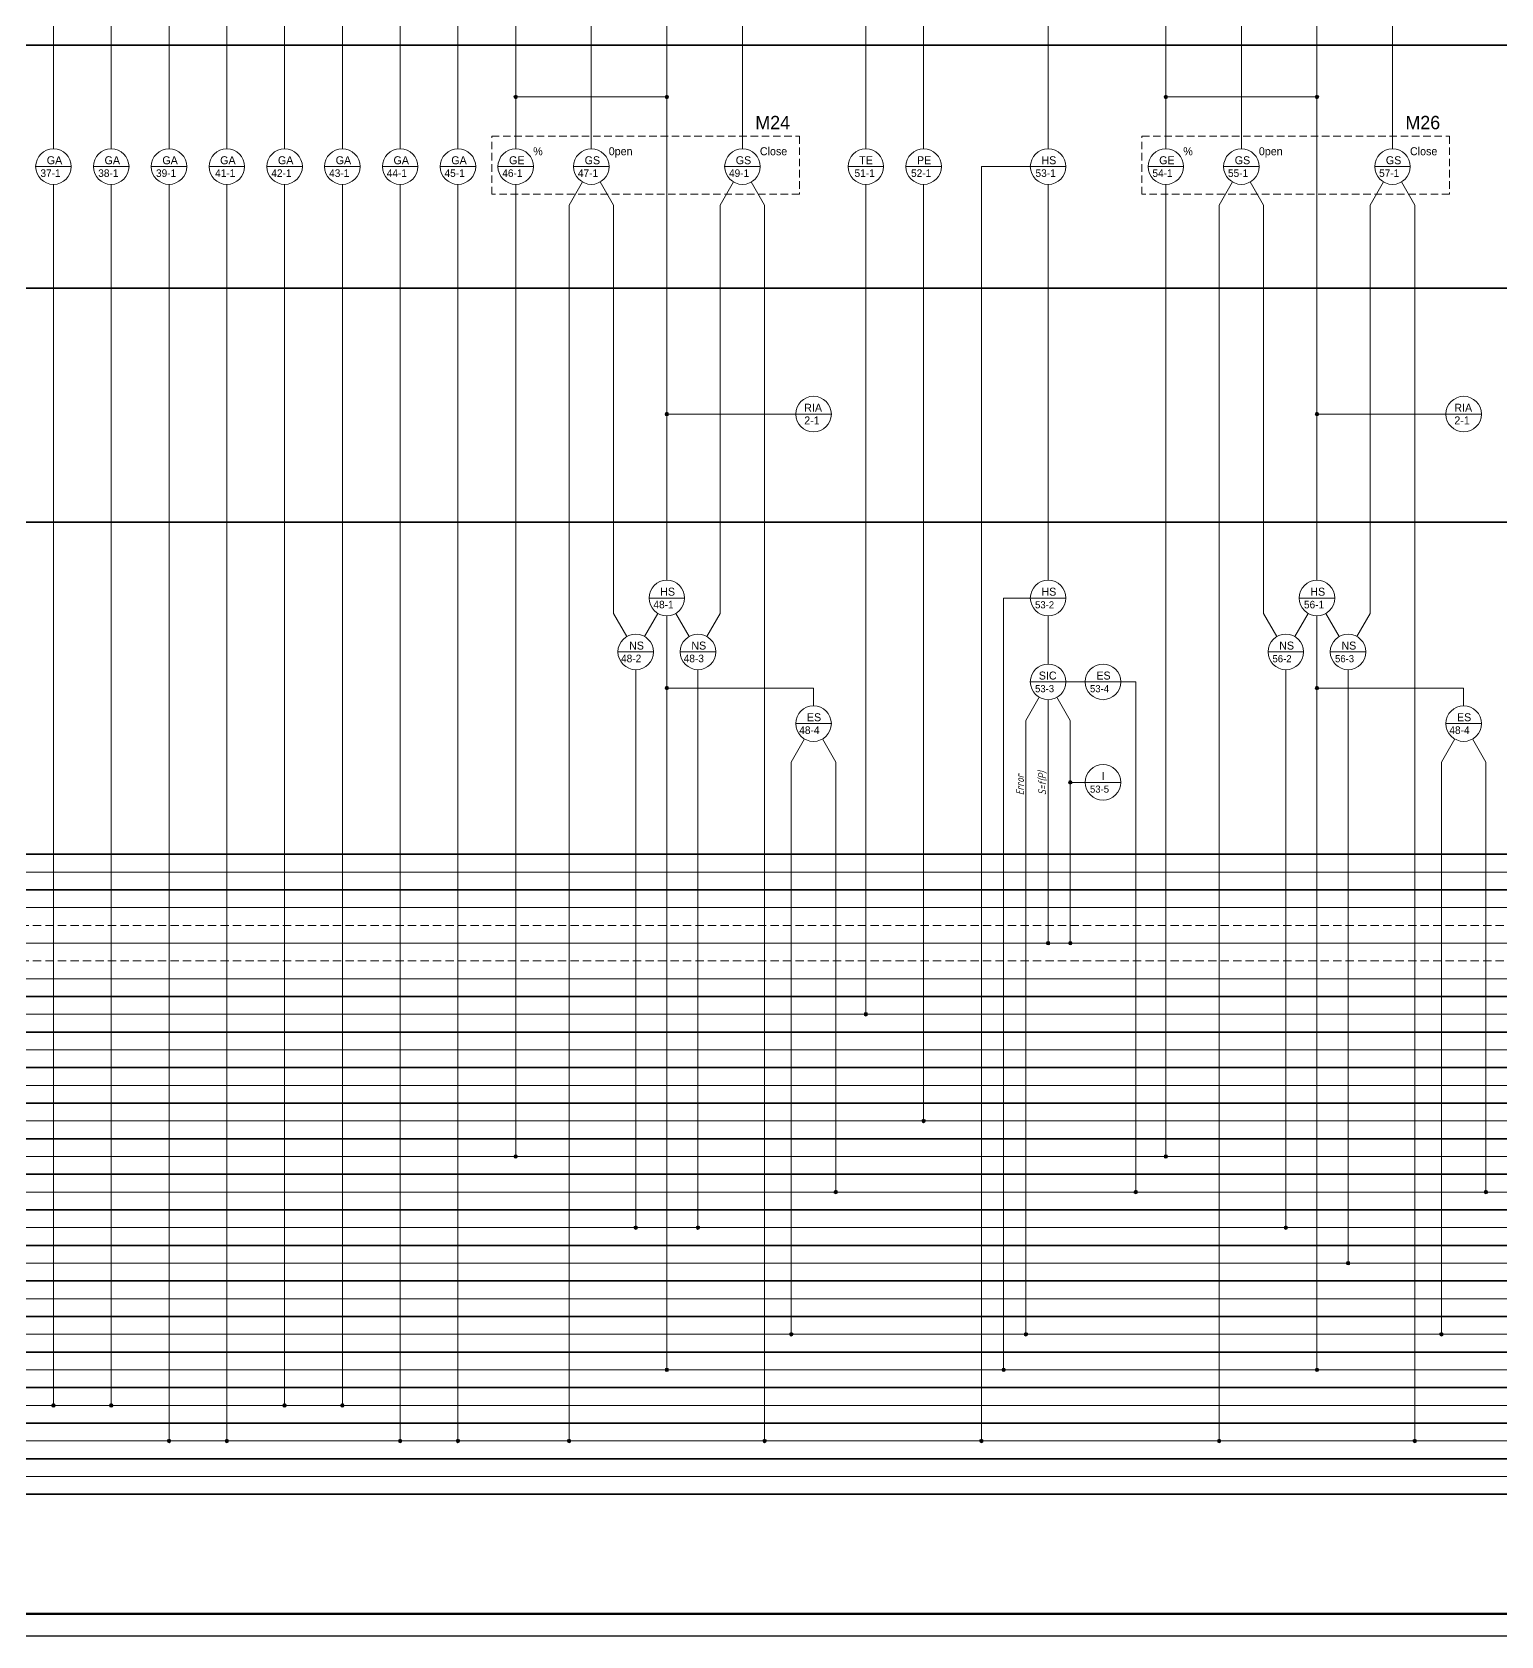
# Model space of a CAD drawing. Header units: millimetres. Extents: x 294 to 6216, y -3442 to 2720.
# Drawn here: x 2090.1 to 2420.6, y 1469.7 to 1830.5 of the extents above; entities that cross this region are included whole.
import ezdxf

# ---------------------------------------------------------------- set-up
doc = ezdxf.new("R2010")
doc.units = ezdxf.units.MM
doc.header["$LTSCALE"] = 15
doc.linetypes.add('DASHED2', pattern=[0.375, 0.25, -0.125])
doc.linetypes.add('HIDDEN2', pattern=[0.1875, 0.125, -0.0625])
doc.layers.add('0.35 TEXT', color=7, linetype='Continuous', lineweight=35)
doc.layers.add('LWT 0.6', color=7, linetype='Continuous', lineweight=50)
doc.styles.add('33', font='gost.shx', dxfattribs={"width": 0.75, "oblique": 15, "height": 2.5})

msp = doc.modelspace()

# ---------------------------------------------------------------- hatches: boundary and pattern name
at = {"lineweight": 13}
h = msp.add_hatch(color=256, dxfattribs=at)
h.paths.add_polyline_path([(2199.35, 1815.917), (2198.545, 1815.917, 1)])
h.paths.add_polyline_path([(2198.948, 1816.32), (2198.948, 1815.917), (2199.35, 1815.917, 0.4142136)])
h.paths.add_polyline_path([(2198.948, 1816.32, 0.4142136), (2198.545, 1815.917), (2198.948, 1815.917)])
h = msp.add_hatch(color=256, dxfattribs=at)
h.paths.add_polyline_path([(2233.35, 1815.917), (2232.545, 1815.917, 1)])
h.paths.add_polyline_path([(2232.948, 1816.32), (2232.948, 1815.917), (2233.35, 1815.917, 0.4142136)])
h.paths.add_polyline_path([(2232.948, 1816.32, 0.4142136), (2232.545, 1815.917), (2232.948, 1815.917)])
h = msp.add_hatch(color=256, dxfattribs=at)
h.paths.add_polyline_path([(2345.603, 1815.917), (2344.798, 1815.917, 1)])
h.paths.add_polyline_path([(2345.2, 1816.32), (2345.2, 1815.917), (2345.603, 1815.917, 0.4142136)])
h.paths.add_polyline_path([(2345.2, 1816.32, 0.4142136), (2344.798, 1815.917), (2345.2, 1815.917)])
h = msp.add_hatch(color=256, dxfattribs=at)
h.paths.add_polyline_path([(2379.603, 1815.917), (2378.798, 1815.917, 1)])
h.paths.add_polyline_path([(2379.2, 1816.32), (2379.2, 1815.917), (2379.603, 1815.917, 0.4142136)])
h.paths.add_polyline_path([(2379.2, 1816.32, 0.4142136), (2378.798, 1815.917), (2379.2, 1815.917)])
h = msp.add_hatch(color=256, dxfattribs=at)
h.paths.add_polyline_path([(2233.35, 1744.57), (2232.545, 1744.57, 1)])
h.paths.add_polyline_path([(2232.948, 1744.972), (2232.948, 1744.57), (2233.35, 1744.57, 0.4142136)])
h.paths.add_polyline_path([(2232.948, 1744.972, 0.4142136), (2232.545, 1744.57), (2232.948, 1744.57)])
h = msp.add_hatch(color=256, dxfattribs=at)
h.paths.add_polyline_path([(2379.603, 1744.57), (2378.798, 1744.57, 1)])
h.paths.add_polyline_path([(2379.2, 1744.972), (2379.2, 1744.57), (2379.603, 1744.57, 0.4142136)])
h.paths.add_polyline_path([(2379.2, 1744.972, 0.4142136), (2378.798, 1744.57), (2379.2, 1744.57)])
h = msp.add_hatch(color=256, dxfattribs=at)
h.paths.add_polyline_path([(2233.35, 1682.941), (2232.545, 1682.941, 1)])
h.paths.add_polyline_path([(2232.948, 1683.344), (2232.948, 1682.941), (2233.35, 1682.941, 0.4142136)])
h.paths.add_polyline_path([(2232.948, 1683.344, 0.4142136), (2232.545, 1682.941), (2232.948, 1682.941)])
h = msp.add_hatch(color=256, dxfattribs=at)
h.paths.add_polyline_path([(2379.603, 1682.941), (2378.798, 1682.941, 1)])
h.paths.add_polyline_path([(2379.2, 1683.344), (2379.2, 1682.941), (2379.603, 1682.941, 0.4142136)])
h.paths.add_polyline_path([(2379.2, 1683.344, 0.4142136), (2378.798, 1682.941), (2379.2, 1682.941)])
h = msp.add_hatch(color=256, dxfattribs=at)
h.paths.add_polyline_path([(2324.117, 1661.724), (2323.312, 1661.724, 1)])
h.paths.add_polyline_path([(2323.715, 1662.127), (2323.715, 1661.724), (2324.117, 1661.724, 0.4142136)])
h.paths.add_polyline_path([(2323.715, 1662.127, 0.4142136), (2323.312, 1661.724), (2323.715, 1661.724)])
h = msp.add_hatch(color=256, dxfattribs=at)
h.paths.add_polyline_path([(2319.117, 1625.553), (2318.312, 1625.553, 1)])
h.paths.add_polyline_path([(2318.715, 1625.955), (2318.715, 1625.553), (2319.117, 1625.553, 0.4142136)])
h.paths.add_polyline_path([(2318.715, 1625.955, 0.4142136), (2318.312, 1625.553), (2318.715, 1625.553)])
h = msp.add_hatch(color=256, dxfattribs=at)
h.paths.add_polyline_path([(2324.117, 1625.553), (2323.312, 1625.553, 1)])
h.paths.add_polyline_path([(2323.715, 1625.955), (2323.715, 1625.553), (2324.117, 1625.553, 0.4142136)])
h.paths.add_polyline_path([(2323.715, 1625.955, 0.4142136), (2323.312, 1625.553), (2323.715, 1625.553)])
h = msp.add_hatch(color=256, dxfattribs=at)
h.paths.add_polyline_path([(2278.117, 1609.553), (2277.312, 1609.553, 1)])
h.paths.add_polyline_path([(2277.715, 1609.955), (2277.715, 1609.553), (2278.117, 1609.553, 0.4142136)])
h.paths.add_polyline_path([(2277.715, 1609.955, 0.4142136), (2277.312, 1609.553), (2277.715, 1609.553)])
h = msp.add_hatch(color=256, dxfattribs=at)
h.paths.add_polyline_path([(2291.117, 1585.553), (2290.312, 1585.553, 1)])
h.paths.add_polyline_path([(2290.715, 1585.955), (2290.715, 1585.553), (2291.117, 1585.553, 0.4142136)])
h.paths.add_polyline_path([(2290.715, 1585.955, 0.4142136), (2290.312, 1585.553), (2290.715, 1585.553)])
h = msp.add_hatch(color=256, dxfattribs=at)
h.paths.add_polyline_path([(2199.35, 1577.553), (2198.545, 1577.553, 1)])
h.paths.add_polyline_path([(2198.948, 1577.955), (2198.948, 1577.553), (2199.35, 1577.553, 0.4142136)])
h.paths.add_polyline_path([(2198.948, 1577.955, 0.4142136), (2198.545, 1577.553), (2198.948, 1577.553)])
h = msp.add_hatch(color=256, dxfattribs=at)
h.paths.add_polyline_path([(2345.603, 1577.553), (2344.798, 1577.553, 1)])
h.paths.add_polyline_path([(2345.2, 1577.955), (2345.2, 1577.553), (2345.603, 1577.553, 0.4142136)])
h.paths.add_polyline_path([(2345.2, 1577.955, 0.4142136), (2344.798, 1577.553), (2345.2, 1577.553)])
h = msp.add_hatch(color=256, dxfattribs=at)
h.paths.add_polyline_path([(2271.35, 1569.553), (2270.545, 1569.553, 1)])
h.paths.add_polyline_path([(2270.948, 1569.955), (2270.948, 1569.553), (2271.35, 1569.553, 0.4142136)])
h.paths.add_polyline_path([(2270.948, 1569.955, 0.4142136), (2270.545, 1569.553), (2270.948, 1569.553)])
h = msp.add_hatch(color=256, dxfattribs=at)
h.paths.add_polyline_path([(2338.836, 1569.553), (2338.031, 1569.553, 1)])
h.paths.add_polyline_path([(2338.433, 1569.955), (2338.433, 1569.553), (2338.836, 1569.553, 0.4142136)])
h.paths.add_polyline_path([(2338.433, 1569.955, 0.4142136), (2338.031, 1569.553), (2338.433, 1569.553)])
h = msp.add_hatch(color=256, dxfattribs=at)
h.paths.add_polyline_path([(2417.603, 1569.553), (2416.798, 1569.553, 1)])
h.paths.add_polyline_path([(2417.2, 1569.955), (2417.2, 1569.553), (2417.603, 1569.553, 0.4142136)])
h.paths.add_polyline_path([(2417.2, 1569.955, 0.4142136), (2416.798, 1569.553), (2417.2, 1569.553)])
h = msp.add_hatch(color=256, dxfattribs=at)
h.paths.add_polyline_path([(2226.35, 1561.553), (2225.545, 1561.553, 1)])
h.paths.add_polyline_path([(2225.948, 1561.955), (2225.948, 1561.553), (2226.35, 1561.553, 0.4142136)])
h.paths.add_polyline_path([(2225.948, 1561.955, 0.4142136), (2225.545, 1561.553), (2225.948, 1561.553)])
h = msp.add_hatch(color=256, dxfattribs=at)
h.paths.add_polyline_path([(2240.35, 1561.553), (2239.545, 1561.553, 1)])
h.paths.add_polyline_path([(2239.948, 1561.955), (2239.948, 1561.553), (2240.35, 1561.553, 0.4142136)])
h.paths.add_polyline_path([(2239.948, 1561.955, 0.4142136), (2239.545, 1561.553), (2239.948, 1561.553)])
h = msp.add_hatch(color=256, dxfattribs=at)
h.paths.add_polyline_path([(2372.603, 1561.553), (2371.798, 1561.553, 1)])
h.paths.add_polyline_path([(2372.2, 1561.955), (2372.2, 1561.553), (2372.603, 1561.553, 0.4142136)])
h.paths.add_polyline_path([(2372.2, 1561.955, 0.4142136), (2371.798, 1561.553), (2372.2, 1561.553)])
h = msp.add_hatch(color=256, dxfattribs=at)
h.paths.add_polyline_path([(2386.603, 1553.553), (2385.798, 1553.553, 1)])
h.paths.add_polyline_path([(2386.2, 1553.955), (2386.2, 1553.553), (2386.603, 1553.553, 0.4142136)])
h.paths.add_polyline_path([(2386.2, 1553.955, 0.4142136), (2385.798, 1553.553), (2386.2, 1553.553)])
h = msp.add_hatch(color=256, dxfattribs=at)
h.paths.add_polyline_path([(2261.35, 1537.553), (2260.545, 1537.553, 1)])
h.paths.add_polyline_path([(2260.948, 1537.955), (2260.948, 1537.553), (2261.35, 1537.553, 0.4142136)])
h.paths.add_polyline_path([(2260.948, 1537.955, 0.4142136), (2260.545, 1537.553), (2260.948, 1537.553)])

===

§ **Aim of the exercise**: Pictures are to be left out while the lines from the beginning of the records through the line with "import ezdxf" are copied word for word.

§ **Output for this exercise**:
# Model space of a CAD drawing. Header units: millimetres. Extents: x 294 to 6216, y -3442 to 2720.
# Drawn here: x 2090.1 to 2420.6, y 1469.7 to 1830.5 of the extents above; entities that cross this region are included whole.
import ezdxf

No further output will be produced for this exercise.